Dabei kommt ein Film heraus, der in seiner starken Visualität durchaus überzeugen kann, aber ansonsten nichts außer blanken Scherenschnitten zu bieten hat. Weder in den Figuren, noch den Dialogen – auch der Rest des Films wirkt wie ein Zoetrop, das von einem Kleinkind gedreht wird, dem die reine Wahrnehmung unterschiedlicher Laufgeschwindigkeiten Spektakel genug ist. Wenn in einem Film Dialoge geführt werden, wie sie auch in einer pubertären Rollenspielgruppe vorkommen könnten, dann ist das kein gutes Zeichen. Und daran muss auch jede Analyse von 300 – ob aus politischer, medienvergleichender oder sogar Queer Studies-Perspektive – scheitern. Da 300 sich eben nicht entscheiden kann, aus der Form der bunten Bildchen auf Papier eine genuine Ausdrucksform des filmischen Mediums zu machen, somit eher in die Nähe des schon genannten Zoetrops rückt, eher eine Wiederholungsschleife der immer wieder gleichen Zeichen ist. Dem martialischen Kriegerpathos, der Boris Vallejo-artigen Ikonographie, der fast schon binären Körperlichkeit von Gut und Böse – alles ins Unendliche zerdehnt.
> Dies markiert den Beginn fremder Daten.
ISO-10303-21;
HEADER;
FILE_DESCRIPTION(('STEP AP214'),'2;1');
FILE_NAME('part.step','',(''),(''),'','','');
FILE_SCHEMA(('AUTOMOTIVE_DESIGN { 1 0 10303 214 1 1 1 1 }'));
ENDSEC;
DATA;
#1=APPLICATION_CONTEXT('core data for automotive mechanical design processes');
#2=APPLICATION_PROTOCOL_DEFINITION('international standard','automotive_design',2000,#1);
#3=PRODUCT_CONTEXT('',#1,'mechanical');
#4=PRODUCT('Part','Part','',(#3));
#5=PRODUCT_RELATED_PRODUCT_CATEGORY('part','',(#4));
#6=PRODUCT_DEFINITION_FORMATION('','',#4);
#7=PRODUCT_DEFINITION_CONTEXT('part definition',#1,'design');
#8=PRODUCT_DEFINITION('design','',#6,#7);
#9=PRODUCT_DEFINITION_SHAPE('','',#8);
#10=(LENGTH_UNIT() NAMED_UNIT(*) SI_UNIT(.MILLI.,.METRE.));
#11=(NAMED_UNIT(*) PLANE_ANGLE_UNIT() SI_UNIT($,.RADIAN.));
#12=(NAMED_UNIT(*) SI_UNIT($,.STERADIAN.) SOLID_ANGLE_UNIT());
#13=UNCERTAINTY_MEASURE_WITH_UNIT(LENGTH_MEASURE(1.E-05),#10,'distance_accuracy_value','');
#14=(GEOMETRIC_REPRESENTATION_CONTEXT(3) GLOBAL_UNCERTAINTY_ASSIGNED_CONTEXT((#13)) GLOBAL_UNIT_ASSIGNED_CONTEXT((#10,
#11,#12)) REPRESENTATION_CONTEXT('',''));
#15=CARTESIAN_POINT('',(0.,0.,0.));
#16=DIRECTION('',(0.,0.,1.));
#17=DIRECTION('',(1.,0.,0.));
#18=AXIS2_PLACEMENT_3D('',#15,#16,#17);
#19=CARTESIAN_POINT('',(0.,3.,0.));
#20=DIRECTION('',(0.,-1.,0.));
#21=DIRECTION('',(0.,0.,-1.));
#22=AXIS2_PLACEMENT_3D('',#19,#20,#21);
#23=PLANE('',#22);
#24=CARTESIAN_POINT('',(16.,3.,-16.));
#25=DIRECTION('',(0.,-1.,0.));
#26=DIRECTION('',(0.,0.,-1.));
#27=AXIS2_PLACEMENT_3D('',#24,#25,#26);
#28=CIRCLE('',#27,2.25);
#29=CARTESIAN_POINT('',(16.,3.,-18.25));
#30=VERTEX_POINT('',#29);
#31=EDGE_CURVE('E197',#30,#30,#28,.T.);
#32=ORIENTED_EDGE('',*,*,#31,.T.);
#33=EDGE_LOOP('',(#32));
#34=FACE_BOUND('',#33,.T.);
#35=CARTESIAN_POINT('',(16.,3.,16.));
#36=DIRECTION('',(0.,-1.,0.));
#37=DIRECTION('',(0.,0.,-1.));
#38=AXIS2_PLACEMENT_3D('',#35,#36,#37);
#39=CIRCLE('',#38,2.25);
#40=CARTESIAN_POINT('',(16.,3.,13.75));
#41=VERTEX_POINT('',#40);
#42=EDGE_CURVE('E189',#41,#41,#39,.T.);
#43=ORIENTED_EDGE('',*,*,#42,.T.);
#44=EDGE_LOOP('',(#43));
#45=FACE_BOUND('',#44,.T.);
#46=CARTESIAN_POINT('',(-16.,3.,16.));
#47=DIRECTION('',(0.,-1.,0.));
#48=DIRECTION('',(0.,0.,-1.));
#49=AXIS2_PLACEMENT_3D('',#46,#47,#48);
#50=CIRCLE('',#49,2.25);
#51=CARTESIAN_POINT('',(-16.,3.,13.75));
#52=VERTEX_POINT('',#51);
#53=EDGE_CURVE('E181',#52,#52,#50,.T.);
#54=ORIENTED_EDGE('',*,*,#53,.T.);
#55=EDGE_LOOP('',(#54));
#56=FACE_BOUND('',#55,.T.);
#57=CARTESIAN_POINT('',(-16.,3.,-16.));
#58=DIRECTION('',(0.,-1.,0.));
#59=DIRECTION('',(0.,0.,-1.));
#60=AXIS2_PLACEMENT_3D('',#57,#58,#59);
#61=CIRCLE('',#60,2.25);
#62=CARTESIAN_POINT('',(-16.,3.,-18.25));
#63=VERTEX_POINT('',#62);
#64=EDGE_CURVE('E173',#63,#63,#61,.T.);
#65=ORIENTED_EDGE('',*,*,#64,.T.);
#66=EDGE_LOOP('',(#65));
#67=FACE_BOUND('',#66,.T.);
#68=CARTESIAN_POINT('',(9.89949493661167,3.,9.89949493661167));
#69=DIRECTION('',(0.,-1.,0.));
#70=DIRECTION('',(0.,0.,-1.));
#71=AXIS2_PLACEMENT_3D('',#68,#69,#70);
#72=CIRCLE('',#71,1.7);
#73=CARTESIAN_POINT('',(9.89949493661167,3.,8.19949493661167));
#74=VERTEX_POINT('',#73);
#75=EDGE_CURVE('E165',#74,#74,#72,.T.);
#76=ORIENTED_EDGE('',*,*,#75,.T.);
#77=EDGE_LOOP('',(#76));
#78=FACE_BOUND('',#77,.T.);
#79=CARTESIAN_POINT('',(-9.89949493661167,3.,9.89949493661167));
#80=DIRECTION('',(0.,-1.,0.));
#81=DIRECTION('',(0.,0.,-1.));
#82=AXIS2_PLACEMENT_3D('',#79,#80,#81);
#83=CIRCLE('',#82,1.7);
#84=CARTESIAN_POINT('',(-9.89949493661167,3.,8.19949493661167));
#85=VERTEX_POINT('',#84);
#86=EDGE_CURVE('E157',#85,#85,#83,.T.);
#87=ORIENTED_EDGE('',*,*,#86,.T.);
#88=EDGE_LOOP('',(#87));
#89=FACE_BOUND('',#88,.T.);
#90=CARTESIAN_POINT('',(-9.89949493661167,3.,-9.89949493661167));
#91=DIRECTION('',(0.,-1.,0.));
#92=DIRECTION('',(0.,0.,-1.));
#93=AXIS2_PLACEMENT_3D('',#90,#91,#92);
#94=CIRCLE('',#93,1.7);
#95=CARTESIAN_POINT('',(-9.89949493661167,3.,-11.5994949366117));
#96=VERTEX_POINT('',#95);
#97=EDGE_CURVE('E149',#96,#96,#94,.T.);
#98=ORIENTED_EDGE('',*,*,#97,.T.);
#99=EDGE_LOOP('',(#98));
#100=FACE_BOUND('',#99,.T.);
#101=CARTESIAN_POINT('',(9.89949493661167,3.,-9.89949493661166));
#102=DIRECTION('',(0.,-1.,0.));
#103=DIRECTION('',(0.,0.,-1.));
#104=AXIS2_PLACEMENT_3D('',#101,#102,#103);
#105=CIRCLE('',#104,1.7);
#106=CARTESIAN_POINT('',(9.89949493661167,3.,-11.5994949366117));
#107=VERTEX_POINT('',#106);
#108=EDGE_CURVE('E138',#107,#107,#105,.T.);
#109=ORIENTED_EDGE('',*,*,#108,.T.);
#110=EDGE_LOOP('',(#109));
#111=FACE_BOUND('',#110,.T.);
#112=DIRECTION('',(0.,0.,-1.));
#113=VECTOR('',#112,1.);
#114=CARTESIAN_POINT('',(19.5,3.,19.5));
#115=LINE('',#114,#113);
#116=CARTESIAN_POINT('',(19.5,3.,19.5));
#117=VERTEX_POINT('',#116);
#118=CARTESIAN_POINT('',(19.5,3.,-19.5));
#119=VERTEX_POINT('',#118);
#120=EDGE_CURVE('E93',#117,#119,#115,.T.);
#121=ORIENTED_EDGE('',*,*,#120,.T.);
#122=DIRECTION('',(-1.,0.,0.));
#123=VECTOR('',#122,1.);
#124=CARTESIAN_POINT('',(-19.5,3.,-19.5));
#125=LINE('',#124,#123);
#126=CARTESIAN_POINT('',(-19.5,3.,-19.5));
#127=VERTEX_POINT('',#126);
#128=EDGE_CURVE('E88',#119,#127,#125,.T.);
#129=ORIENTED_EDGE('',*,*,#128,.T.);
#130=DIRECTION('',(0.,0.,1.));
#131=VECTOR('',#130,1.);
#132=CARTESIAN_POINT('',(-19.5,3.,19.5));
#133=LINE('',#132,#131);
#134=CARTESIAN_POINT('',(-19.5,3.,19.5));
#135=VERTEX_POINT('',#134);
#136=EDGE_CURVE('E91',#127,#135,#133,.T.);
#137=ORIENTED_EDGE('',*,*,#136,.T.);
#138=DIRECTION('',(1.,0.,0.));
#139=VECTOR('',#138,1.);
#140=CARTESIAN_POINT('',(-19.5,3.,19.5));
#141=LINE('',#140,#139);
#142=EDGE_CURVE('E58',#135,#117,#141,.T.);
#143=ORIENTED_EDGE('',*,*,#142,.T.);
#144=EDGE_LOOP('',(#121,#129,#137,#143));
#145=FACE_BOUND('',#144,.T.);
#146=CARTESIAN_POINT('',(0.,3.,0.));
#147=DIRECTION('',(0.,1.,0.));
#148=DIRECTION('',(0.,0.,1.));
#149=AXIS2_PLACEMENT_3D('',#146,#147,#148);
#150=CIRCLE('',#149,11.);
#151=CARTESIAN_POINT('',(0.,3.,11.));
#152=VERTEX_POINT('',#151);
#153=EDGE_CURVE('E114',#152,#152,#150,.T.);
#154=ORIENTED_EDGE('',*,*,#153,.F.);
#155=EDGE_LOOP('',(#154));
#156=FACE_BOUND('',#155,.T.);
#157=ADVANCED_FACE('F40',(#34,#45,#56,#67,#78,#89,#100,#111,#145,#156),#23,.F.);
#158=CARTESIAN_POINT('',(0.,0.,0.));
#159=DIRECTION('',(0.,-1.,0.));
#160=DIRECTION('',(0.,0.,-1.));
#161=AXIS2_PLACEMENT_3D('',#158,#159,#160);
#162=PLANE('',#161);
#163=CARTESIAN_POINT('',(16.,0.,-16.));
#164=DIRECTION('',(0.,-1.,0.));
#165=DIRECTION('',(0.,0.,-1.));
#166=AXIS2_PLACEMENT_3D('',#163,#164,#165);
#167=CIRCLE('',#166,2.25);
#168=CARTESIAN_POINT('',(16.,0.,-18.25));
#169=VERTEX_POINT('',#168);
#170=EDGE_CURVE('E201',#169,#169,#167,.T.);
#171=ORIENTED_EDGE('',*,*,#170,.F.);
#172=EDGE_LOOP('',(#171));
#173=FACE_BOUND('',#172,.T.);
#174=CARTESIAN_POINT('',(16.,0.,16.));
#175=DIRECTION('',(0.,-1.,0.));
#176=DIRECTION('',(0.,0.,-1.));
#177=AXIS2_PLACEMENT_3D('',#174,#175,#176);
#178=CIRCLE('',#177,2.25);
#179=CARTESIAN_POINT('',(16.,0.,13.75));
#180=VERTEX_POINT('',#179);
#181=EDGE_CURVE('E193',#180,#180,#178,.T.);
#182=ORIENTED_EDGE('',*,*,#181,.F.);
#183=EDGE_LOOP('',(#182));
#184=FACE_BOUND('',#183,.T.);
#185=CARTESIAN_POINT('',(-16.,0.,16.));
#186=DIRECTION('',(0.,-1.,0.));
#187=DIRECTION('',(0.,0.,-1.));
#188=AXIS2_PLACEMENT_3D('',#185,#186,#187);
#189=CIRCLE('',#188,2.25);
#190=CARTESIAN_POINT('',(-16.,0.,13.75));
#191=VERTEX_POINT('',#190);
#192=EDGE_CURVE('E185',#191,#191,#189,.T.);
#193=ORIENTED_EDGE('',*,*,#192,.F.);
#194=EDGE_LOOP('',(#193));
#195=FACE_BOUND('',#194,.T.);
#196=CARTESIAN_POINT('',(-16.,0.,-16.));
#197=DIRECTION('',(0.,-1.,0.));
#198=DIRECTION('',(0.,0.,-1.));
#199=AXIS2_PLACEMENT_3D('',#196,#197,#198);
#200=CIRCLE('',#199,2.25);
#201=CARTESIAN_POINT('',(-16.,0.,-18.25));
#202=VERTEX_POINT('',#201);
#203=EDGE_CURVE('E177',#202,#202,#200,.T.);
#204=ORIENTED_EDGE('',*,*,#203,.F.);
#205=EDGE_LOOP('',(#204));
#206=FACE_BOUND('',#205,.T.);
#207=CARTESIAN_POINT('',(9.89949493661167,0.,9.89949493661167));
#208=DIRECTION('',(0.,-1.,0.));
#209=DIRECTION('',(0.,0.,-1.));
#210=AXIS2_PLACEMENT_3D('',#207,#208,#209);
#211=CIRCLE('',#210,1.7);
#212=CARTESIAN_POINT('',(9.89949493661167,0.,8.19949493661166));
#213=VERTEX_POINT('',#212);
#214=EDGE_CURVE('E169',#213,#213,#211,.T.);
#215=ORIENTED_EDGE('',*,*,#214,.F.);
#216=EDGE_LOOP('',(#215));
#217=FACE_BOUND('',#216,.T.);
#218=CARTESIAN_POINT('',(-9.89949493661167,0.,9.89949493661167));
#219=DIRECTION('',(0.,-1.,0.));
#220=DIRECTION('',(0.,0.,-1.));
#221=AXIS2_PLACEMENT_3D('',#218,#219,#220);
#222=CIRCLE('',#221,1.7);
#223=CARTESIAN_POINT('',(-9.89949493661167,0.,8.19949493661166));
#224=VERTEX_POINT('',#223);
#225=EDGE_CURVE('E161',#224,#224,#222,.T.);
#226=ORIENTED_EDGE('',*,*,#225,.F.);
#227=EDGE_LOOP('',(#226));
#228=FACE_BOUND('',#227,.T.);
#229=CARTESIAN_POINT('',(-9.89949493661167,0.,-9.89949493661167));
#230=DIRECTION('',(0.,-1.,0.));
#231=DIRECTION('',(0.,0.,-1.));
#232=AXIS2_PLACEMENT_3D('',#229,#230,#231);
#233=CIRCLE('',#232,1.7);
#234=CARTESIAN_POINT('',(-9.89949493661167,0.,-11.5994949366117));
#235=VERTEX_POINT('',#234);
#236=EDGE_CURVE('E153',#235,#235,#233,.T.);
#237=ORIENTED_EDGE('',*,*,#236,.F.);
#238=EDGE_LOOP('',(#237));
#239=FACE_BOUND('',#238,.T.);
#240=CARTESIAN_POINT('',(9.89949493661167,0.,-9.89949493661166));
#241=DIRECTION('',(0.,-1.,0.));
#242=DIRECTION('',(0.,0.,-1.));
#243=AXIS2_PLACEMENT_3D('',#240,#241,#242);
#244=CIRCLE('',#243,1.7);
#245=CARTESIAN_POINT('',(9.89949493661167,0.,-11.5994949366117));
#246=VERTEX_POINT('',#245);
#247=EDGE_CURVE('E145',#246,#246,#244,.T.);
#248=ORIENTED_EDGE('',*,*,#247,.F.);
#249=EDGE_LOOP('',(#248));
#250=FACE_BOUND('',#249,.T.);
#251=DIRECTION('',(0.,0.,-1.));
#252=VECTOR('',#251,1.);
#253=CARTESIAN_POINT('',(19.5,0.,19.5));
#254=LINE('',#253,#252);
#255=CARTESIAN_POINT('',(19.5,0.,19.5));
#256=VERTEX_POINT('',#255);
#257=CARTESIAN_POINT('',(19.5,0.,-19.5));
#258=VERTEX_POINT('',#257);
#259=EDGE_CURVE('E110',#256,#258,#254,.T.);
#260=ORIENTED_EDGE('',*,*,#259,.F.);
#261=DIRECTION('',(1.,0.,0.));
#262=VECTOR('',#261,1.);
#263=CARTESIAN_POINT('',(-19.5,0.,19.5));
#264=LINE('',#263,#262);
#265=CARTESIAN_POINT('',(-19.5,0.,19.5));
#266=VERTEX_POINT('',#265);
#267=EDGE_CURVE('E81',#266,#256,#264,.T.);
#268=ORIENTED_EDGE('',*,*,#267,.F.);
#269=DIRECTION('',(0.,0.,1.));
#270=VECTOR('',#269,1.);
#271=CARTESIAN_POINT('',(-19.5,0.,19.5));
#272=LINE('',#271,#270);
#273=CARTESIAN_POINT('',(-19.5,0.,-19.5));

Für eins kann sich 300 aber durchaus entscheiden: ein etwas langweiliger Film zu sein, der immer dann scheitert, wenn er ehrliche Camp-Qualitäten entwickeln will. So gesehen Zeitverschwendung.
Die andere Verfilmung eines Comics von Frank Miller – Sin City – konnte auch nur über die starke Bindung des Comics an filmische Noir-Elemente funktionieren, den Kreis damit schließen. Während 300 statt eines Kreises eher eine ziellose Acht formt. Aber vielleicht stand auch nur der Frank Miller mit dem Rohrstock hinter Zack Snyder und hat ihm bei jedem Versuch, einen Film zu drehen, auf die Finger gehauen. Man weiß es nicht.
Hier noch ein Bild von Gerard Butlers erster Hauptrolle – als bärtiger Zwerg in einem Musikvideo von Janet Jackson:



[...] – auch wenn ich ob der Qualität der Umsetzung skeptisch bin, schließlich hat Zack Snyder schon vorher gezeigt, dass eine differenzierte Inszenierung nicht zu seinen Stärken zählt. Etwas, dass bei einem Werk [...]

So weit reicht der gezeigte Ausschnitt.